• [What to do]: Check every line of the entries for the string "CIRCLE" and return the ones that contain it.

• [Records from a data source]:
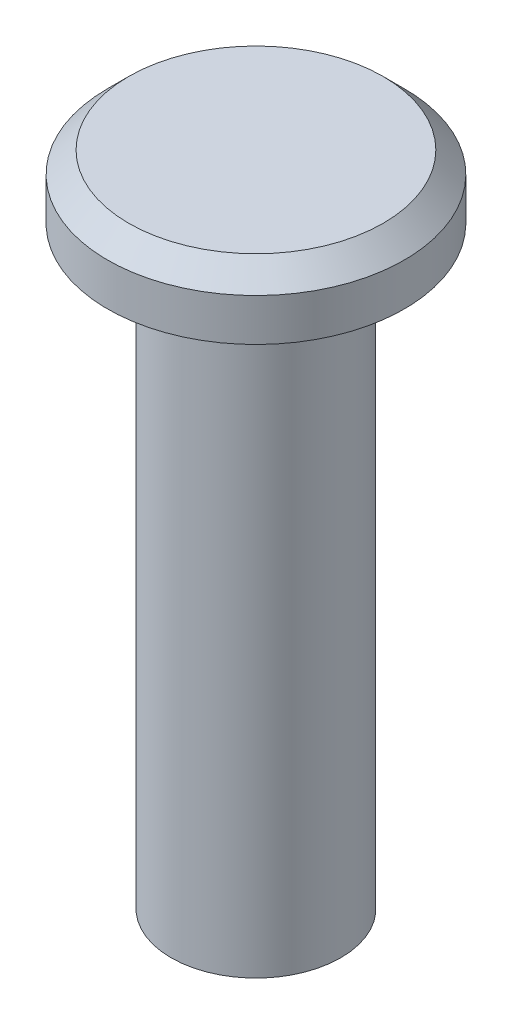
ISO-10303-21;
HEADER;
FILE_DESCRIPTION(('STEP AP214'),'2;1');
FILE_NAME('part.step','',(''),(''),'','','');
FILE_SCHEMA(('AUTOMOTIVE_DESIGN { 1 0 10303 214 1 1 1 1 }'));
ENDSEC;
DATA;
#1=APPLICATION_CONTEXT('core data for automotive mechanical design processes');
#2=APPLICATION_PROTOCOL_DEFINITION('international standard','automotive_design',2000,#1);
#3=PRODUCT_CONTEXT('',#1,'mechanical');
#4=PRODUCT('Part','Part','',(#3));
#5=PRODUCT_RELATED_PRODUCT_CATEGORY('part','',(#4));
#6=PRODUCT_DEFINITION_FORMATION('','',#4);
#7=PRODUCT_DEFINITION_CONTEXT('part definition',#1,'design');
#8=PRODUCT_DEFINITION('design','',#6,#7);
#9=PRODUCT_DEFINITION_SHAPE('','',#8);
#10=(LENGTH_UNIT() NAMED_UNIT(*) SI_UNIT(.MILLI.,.METRE.));
#11=(NAMED_UNIT(*) PLANE_ANGLE_UNIT() SI_UNIT($,.RADIAN.));
#12=(NAMED_UNIT(*) SI_UNIT($,.STERADIAN.) SOLID_ANGLE_UNIT());
#13=UNCERTAINTY_MEASURE_WITH_UNIT(LENGTH_MEASURE(1.E-05),#10,'distance_accuracy_value','');
#14=(GEOMETRIC_REPRESENTATION_CONTEXT(3) GLOBAL_UNCERTAINTY_ASSIGNED_CONTEXT((#13)) GLOBAL_UNIT_ASSIGNED_CONTEXT((#10,
#11,#12)) REPRESENTATION_CONTEXT('',''));
#15=CARTESIAN_POINT('',(0.,0.,0.));
#16=DIRECTION('',(0.,0.,1.));
#17=DIRECTION('',(1.,0.,0.));
#18=AXIS2_PLACEMENT_3D('',#15,#16,#17);
#19=CARTESIAN_POINT('',(0.,0.,0.));
#20=DIRECTION('',(0.,1.,0.));
#21=DIRECTION('',(-1.,0.,0.));
#22=AXIS2_PLACEMENT_3D('',#19,#20,#21);
#23=PLANE('',#22);
#24=CARTESIAN_POINT('',(0.,0.,0.));
#25=DIRECTION('',(0.,1.,0.));
#26=DIRECTION('',(-1.,0.,0.));
#27=AXIS2_PLACEMENT_3D('',#24,#25,#26);
#28=CIRCLE('',#27,4.);
#29=CARTESIAN_POINT('',(-4.,0.,0.));
#30=VERTEX_POINT('',#29);
#31=EDGE_CURVE('E10',#30,#30,#28,.T.);
#32=ORIENTED_EDGE('',*,*,#31,.F.);
#33=EDGE_LOOP('',(#32));
#34=FACE_BOUND('',#33,.T.);
#35=ADVANCED_FACE('F41',(#34),#23,.F.);
#36=CARTESIAN_POINT('',(0.,33.6049720126705,0.));
#37=DIRECTION('',(0.,1.,0.));
#38=DIRECTION('',(-1.,0.,0.));
#39=AXIS2_PLACEMENT_3D('',#36,#37,#38);
#40=CYLINDRICAL_SURFACE('',#39,4.);
#41=CARTESIAN_POINT('',(0.,28.,0.));
#42=DIRECTION('',(0.,1.,0.));
#43=DIRECTION('',(-1.,0.,0.));
#44=AXIS2_PLACEMENT_3D('',#41,#42,#43);
#45=CIRCLE('',#44,4.00000000000001);
#46=CARTESIAN_POINT('',(-4.00000000000001,28.,0.));
#47=VERTEX_POINT('',#46);
#48=EDGE_CURVE('E47',#47,#47,#45,.T.);
#49=ORIENTED_EDGE('',*,*,#48,.F.);
#50=EDGE_LOOP('',(#49));
#51=FACE_BOUND('',#50,.T.);
#52=ORIENTED_EDGE('',*,*,#31,.T.);
#53=EDGE_LOOP('',(#52));
#54=FACE_BOUND('',#53,.T.);
#55=ADVANCED_FACE('F80',(#51,#54),#40,.T.);
#56=CARTESIAN_POINT('',(4.00000000000001,28.,0.));
#57=DIRECTION('',(0.,1.,0.));
#58=DIRECTION('',(-1.,0.,0.));
#59=AXIS2_PLACEMENT_3D('',#56,#57,#58);
#60=PLANE('',#59);
#61=CARTESIAN_POINT('',(0.,28.,0.));
#62=DIRECTION('',(0.,1.,0.));
#63=DIRECTION('',(-1.,0.,0.));
#64=AXIS2_PLACEMENT_3D('',#61,#62,#63);
#65=CIRCLE('',#64,7.);
#66=CARTESIAN_POINT('',(-7.,28.,0.));
#67=VERTEX_POINT('',#66);
#68=EDGE_CURVE('E51',#67,#67,#65,.T.);
#69=ORIENTED_EDGE('',*,*,#68,.F.);
#70=EDGE_LOOP('',(#69));
#71=FACE_BOUND('',#70,.T.);
#72=ORIENTED_EDGE('',*,*,#48,.T.);
#73=EDGE_LOOP('',(#72));
#74=FACE_BOUND('',#73,.T.);
#75=ADVANCED_FACE('F75',(#71,#74),#60,.F.);
#76=CARTESIAN_POINT('',(0.,33.6049720126705,0.));
#77=DIRECTION('',(0.,1.,0.));
#78=DIRECTION('',(-1.,0.,0.));
#79=AXIS2_PLACEMENT_3D('',#76,#77,#78);
#80=CYLINDRICAL_SURFACE('',#79,7.);
#81=CARTESIAN_POINT('',(0.,30.,0.));
#82=DIRECTION('',(0.,1.,0.));
#83=DIRECTION('',(-1.,0.,0.));
#84=AXIS2_PLACEMENT_3D('',#81,#82,#83);
#85=CIRCLE('',#84,7.);
#86=CARTESIAN_POINT('',(-7.,30.,0.));
#87=VERTEX_POINT('',#86);
#88=EDGE_CURVE('E55',#87,#87,#85,.T.);
#89=ORIENTED_EDGE('',*,*,#88,.F.);
#90=EDGE_LOOP('',(#89));
#91=FACE_BOUND('',#90,.T.);
#92=ORIENTED_EDGE('',*,*,#68,.T.);
#93=EDGE_LOOP('',(#92));
#94=FACE_BOUND('',#93,.T.);
#95=ADVANCED_FACE('F69',(#91,#94),#80,.T.);
#96=CARTESIAN_POINT('',(0.,30.,0.));
#97=DIRECTION('',(0.,-1.,0.));
#98=DIRECTION('',(1.,0.,0.));
#99=AXIS2_PLACEMENT_3D('',#96,#97,#98);
#100=CONICAL_SURFACE('',#99,7.,0.785398163397448);
#101=CARTESIAN_POINT('',(0.,31.,0.));
#102=DIRECTION('',(0.,1.,0.));
#103=DIRECTION('',(-1.,0.,0.));
#104=AXIS2_PLACEMENT_3D('',#101,#102,#103);
#105=CIRCLE('',#104,6.);
#106=CARTESIAN_POINT('',(-6.,31.,0.));
#107=VERTEX_POINT('',#106);
#108=EDGE_CURVE('E60',#107,#107,#105,.T.);
#109=ORIENTED_EDGE('',*,*,#108,.F.);
#110=EDGE_LOOP('',(#109));
#111=FACE_BOUND('',#110,.T.);
#112=ORIENTED_EDGE('',*,*,#88,.T.);
#113=EDGE_LOOP('',(#112));
#114=FACE_BOUND('',#113,.T.);
#115=ADVANCED_FACE('F66',(#111,#114),#100,.T.);
#116=CARTESIAN_POINT('',(6.,31.,0.));
#117=DIRECTION('',(0.,-1.,0.));
#118=DIRECTION('',(1.,0.,0.));
#119=AXIS2_PLACEMENT_3D('',#116,#117,#118);
#120=PLANE('',#119);
#121=ORIENTED_EDGE('',*,*,#108,.T.);
#122=EDGE_LOOP('',(#121));
#123=FACE_BOUND('',#122,.T.);
#124=ADVANCED_FACE('F64',(#123),#120,.F.);
#125=CLOSED_SHELL('',(#35,#55,#75,#95,#115,#124));
#126=MANIFOLD_SOLID_BREP('B2',#125);
#127=ADVANCED_BREP_SHAPE_REPRESENTATION('',(#18,#126),#14);
#128=SHAPE_DEFINITION_REPRESENTATION(#9,#127);
ENDSEC;
END-ISO-10303-21;

• [Exercise solution]:
#28=CIRCLE('',#27,4.);
#45=CIRCLE('',#44,4.00000000000001);
#65=CIRCLE('',#64,7.);
#85=CIRCLE('',#84,7.);
#105=CIRCLE('',#104,6.);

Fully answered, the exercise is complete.